Why Your Trauma Counseling Hasn't Worked

Recovering from trauma is a bit like surviving a zombie apocalypse. You’re attacked by infected artifacts of your past experience, but the world still looks the same. Previously neutral relationships are polarized into allies and enemies. Skeletons from your past linger behind doors in your consciousness, scratching at you—judgment, addiction, regret, anxiety, resentment, compulsion, numbness. Scratch, scratch, scratch.

But more to the point, and very much like a zombie apocalypse, you have to follow a certain protocol in order to survive and overcome the wound. For example, your therapist would be the last person you should consult in the midst of a zombie crisis. What would they even say?

  • “How do the zombies make you feel?”

  • “I want you to write a letter to your inner ‘Self’ before the zombies.”
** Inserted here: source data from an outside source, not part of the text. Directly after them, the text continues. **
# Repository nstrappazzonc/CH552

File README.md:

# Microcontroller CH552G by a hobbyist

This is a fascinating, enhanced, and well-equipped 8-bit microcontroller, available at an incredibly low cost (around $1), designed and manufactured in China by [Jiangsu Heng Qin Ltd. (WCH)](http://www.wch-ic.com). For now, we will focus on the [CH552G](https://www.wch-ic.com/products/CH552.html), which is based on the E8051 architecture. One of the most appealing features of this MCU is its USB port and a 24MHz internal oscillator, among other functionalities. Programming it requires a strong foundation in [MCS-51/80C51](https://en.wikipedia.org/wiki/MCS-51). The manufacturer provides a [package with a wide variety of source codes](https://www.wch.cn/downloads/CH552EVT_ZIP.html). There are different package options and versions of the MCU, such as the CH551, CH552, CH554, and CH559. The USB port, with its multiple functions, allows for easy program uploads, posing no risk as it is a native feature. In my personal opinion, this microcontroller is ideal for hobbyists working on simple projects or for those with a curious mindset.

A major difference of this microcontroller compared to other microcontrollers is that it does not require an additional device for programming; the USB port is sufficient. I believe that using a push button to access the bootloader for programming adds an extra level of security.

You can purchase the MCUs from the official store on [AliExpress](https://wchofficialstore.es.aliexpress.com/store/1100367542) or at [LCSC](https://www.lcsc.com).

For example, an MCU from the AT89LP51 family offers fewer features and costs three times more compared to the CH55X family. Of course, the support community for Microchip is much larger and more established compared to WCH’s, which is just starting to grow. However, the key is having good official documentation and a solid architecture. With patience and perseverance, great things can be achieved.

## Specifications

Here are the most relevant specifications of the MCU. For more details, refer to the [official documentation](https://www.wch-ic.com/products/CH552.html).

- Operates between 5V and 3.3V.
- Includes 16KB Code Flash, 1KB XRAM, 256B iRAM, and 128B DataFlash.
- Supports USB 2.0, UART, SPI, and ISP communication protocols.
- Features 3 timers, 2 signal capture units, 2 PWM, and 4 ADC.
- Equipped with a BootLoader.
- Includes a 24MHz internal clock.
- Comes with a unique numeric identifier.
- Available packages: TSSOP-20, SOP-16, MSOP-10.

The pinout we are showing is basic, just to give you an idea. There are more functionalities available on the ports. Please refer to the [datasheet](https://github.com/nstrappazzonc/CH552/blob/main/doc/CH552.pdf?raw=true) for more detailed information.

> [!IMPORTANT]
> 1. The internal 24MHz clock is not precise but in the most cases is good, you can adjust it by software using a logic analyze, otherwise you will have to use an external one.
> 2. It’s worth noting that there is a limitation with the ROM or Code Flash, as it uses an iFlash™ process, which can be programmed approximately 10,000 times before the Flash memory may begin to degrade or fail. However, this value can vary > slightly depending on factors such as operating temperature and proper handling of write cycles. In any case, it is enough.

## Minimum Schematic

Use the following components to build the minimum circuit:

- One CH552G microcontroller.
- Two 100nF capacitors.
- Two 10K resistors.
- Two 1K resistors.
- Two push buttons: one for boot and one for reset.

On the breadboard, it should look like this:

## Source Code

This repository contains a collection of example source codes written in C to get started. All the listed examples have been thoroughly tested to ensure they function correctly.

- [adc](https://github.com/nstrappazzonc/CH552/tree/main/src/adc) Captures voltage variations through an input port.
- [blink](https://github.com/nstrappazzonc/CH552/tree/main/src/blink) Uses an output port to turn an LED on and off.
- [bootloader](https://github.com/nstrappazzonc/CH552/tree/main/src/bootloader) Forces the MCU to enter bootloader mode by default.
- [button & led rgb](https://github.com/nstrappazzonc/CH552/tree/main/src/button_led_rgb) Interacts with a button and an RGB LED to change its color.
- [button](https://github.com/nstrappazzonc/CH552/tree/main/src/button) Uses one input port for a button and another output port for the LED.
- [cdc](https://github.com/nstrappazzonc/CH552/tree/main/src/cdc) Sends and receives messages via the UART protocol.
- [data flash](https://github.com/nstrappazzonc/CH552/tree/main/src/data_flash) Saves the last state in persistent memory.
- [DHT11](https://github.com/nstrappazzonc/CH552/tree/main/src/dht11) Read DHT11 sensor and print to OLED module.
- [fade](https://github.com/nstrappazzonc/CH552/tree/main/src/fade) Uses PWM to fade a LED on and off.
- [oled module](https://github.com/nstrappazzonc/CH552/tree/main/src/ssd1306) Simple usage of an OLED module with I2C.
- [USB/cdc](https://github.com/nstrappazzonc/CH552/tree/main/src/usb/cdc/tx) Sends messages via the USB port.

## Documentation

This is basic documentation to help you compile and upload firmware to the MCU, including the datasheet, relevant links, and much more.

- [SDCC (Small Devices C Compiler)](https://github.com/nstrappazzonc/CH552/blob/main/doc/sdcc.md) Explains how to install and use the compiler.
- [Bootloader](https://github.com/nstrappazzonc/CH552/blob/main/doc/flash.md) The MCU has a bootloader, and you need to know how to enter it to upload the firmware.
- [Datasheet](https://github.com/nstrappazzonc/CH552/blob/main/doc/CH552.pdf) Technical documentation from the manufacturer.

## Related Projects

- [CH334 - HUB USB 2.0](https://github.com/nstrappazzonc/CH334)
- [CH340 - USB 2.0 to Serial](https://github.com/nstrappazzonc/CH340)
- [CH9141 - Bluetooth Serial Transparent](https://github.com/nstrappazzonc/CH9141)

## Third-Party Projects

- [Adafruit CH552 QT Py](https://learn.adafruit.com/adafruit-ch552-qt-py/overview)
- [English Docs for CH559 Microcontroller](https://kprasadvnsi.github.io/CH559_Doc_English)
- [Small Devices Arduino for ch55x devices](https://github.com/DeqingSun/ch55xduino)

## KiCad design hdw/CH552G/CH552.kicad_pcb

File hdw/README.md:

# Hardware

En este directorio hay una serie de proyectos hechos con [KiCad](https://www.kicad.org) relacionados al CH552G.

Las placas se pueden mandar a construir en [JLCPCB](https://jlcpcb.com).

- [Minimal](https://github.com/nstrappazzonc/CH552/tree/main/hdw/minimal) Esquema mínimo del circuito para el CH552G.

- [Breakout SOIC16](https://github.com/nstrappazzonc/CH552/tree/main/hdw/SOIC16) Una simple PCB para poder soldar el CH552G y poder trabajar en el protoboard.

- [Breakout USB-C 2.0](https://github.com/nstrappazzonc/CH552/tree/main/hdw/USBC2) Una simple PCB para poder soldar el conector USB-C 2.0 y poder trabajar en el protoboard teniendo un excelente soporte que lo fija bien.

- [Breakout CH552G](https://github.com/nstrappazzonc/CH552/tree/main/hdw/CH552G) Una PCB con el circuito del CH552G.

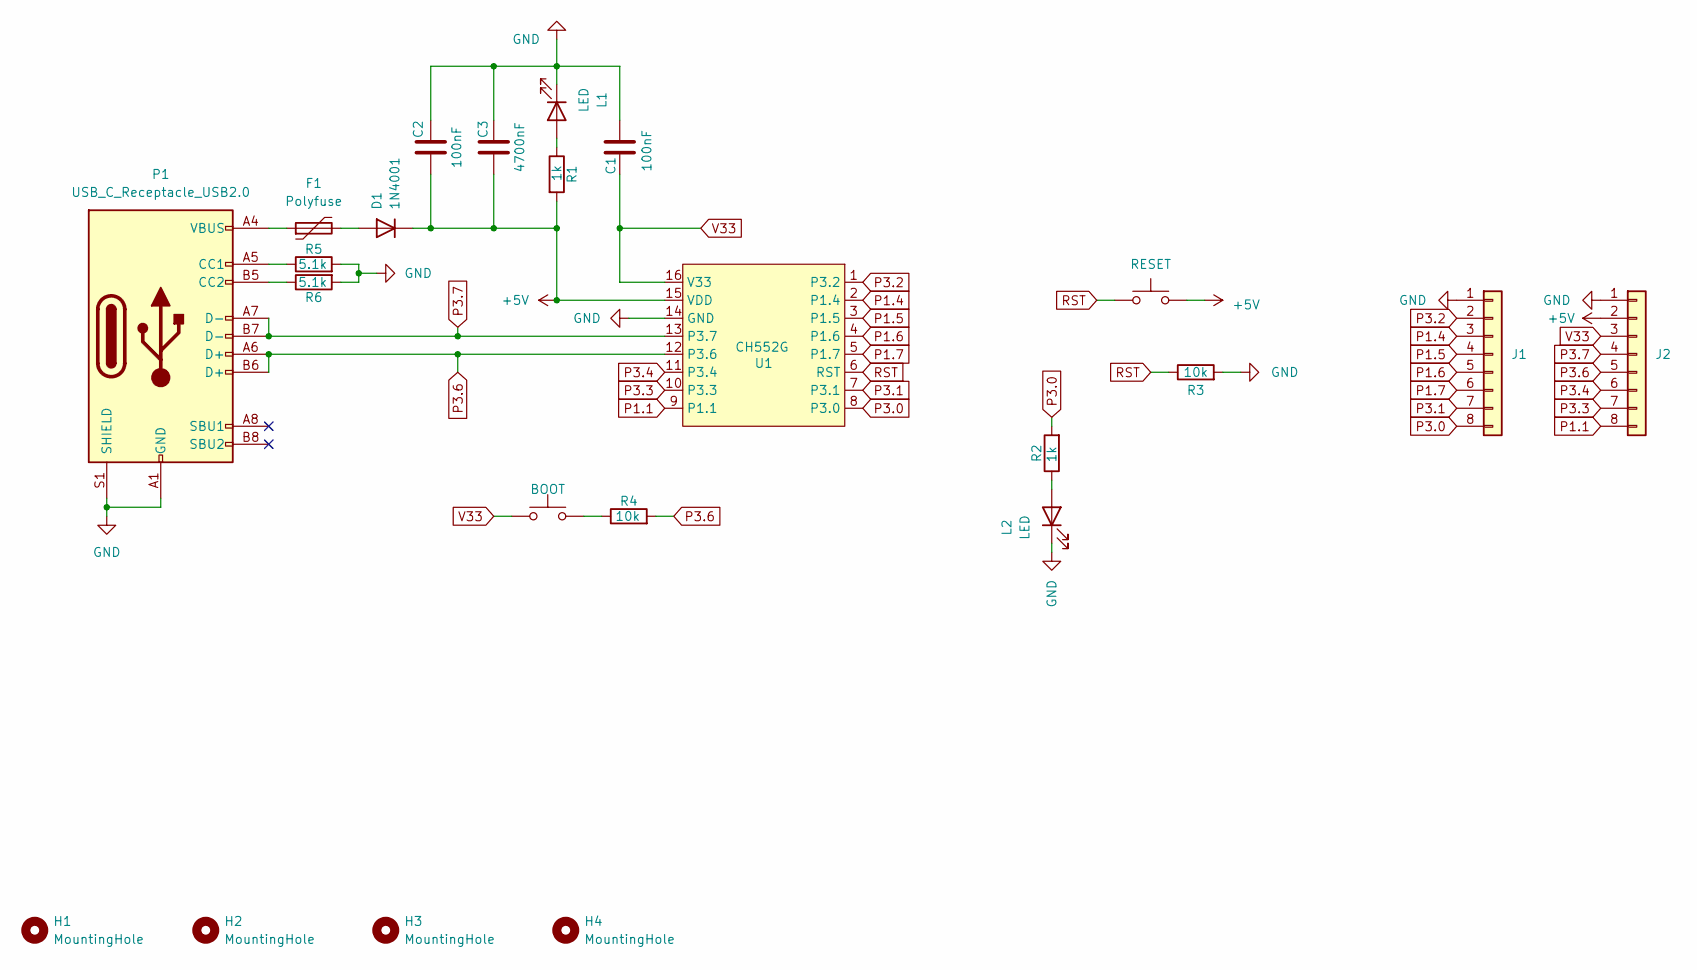
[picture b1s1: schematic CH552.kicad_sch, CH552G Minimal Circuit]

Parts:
C1, C2: 100nF; C1206
C3: 4700nF; C1206
D1: 1N4001; SMA_DO_214AC
F1: Polyfuse; F1206
H1, H2, H3, H4: MountingHole; MountingHole_3.2mm_M3
J1, J2: Conn_01x08; PinHeader_1x08_P2.54mm_Vertical
L1, L2: LED; L1206
P1: USB_C_Receptacle_USB2.0; USB_C_Receptacle_GCT_USB4105-xx-A_16P_TopMnt_Horizontal
R1, R2: 1k; R1206
R3, R4: 10k; R1206
R5, R6: 5.1k; R1206
SW1: RESET; SW_Push_SMD
SW2: BOOT; SW_Push_SMD
U1: CH552G; SOIC-16_3.9x9.9mm_P1.27mm

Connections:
+5V: C2.1, C3.1, D1.1 (K), J2.2, R1.2, SW1.1, U1.15 (VDD)
GND: C1.1, C2.2, C3.2, J1.1, J2.1, L1.1 (K), L2.1 (K), P1.A1 (GND), P1.A12 (GND), P1.B1 (GND), P1.B12 (GND), P1.S1 (SHIELD), R3.2, R5.2, R6.2, U1.14 (GND)
unnamed: D1.2 (A), F1.2
unnamed: F1.1, P1.A4 (VBUS), P1.A9 (VBUS), P1.B4 (VBUS), P1.B9 (VBUS)
unnamed: L1.2 (A), R1.1
unnamed: L2.2 (A), R2.1
unnamed: P1.A5 (CC1), R5.1
unnamed: P1.B5 (CC2), R6.1
unnamed: R4.1, SW2.2
P1.1: J2.8, U1.9 (P1.1)
P1.4: J1.3, U1.2 (P1.4)
P1.5: J1.4, U1.3 (P1.5)
P1.6: J1.5, U1.4 (P1.6)
P1.7: J1.6, U1.5 (P1.7)
P3.0: J1.8, R2.2, U1.8 (P3.0)
P3.1: J1.7, U1.7 (P3.1)
P3.2: J1.2, U1.1 (P3.2)
P3.3: J2.7, U1.10 (P3.3)
P3.4: J2.6, U1.11 (P3.4)
P3.6: J2.5, P1.A6 (D+), P1.B6 (D+), R4.2, U1.12 (P3.6)
P3.7: J2.4, P1.A7 (D-), P1.B7 (D-), U1.13 (P3.7)
RST: R3.1, SW1.2, U1.6 (RST)
V33: C1.2, J2.3, SW2.1, U1.16 (V33)

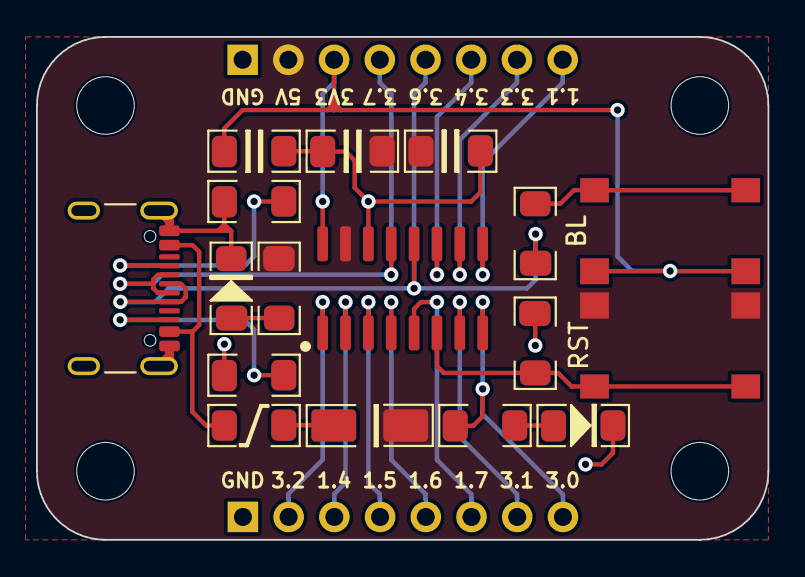
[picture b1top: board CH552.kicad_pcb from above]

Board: 2 copper layers, 40.6 x 27.9 mm, 23 parts (0 on the bottom side), 23 nets.

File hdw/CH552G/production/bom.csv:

Designator,Footprint,Quantity,Value,LCSC Part #
"C1, C2",C1206,2,100nF,
C3,C1206,1,4700nF,
D1,SMA_DO_214AC,1,1N4001,
F1,F1206,1,Polyfuse,
"H1, H2, H3, H4",MountingHole_3.2mm_M3,4,MountingHole,
"J1, J2",PinHeader_1x08_P2.54mm_Vertical,2,Conn_01x08,
"L1, L2",L1206,2,LED,
P1,USB_C_Receptacle_GCT_USB4105-xx-A_16P_TopMnt_Horizontal,1,USB_C_Receptacle_USB2.0,
"R1, R2",R1206,2,1k,
"R3, R4",R1206,2,10k,
"R5, R6",R1206,2,5.1k,
SW1,SW_Push_SMD,1,RESET,
SW2,SW_Push_SMD,1,BOOT,
U1,SOIC-16_3.9x9.9mm_P1.27mm,1,CH552G,

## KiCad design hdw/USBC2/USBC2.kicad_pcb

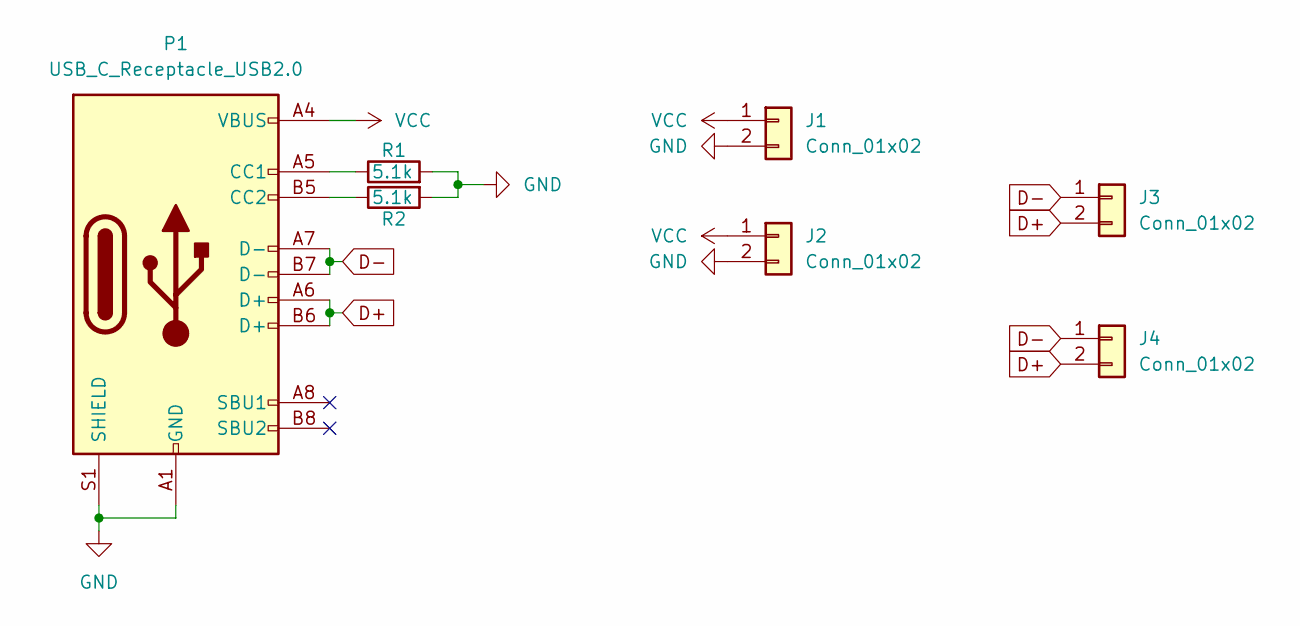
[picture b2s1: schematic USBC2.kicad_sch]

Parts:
J1, J2, J3, J4: Conn_01x02; PinHeader_1x02_P2.54mm_Vertical
P1: USB_C_Receptacle_USB2.0; USB_C_Receptacle_GCT_USB4105-xx-A_16P_TopMnt_Horizontal
R1, R2: 5.1k; R_1206_3216Metric_Pad1.30x1.75mm_HandSolder

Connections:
D+: J3.2, J4.2, P1.A6 (D+), P1.B6 (D+)
D-: J3.1, J4.1, P1.A7 (D-), P1.B7 (D-)
GND: J1.2, J2.2, P1.A1 (GND), P1.A12 (GND), P1.B1 (GND), P1.B12 (GND), P1.S1 (SHIELD), R1.2, R2.2
unnamed: P1.A5 (CC1), R1.1
unnamed: P1.B5 (CC2), R2.1
VCC: J1.1, J2.1, P1.A4 (VBUS), P1.A9 (VBUS), P1.B4 (VBUS), P1.B9 (VBUS)

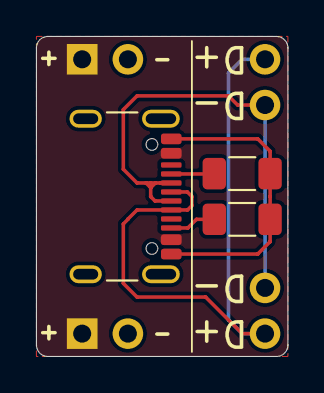
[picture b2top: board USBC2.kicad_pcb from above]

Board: 2 copper layers, 14.0 x 17.8 mm, 7 parts (0 on the bottom side), 6 nets.

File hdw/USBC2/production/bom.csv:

Designator,Footprint,Quantity,Value,LCSC Part #
"J1, J2, J3, J4",PinHeader_1x02_P2.54mm_Vertical,4,Conn_01x02,
P1,USB_C_Receptacle_GCT_USB4105-xx-A_16P_TopMnt_Horizontal,1,USB_C_Receptacle_USB2.0,
"R1, R2",1206,2,5.1k,

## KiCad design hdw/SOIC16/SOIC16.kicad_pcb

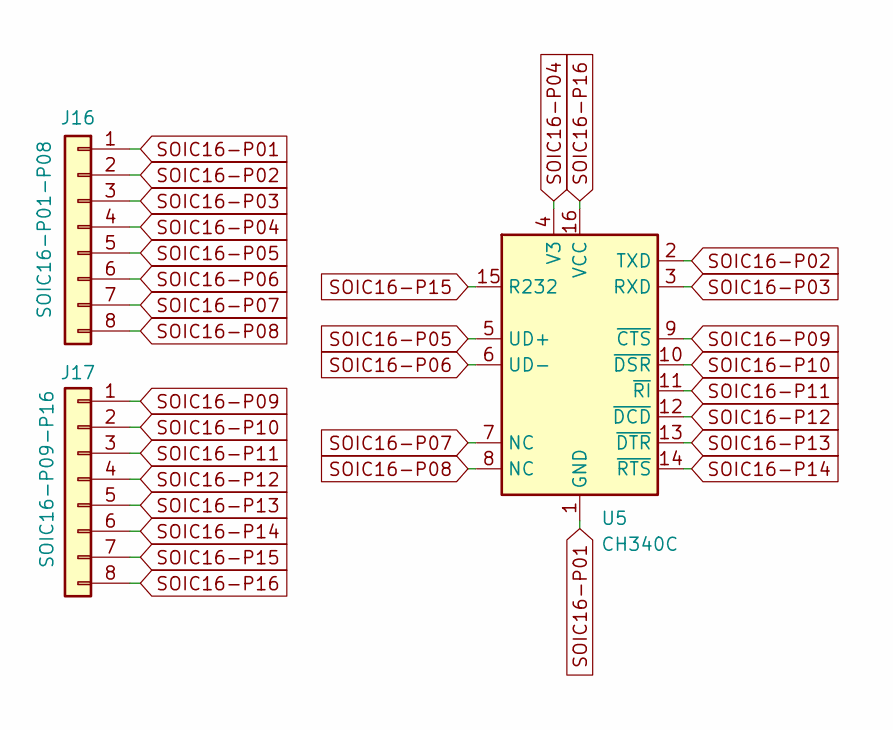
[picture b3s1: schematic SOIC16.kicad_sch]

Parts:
J16: SOIC16-P01-P08; PinHeader_1x08_P2.54mm_Vertical
J17: SOIC16-P09-P16; PinHeader_1x08_P2.54mm_Vertical
U5: CH340C; SOIC-16_3.9x9.9mm_P1.27mm

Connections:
SOIC16-P01: J16.1, U5.1 (GND)
SOIC16-P02: J16.2, U5.2 (TXD)
SOIC16-P03: J16.3, U5.3 (RXD)
SOIC16-P04: J16.4, U5.4 (V3)
SOIC16-P05: J16.5, U5.5 (UD+)
SOIC16-P06: J16.6, U5.6 (UD-)
SOIC16-P07: J16.7, U5.7 (NC)
SOIC16-P08: J16.8, U5.8 (NC)
SOIC16-P09: J17.1, U5.9 (~CTS)
SOIC16-P10: J17.2, U5.10 (~DSR)
SOIC16-P11: J17.3, U5.11 (~RI)
SOIC16-P12: J17.4, U5.12 (~DCD)
SOIC16-P13: J17.5, U5.13 (~DTR)
SOIC16-P14: J17.6, U5.14 (~RTS)
SOIC16-P15: J17.7, U5.15 (R232)
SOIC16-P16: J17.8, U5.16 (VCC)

  • “When a zombie is banging on your glass window, I want you to practice these mindfulness techniques…”

  • “The point isn’t to hate the zombies, but to accept them for who they are.”

That would be stupid. You wouldn’t go to a therapist. You would get the closest sharp object or gun, then build a cohort with people you trust, get as many guns as you can, get as much food and water as you can, and go from there. In a zombie crisis, you’d instinctively address physical needs first, then social needs. Once all of those realities have been secured, you would make bonds with people, grieve your loved ones who were killed by the zombies, and build a new society with values.

Talk therapy wouldn’t be your first line of defense against a real crisis, so why would it be your first line of defense against post-traumatic stress?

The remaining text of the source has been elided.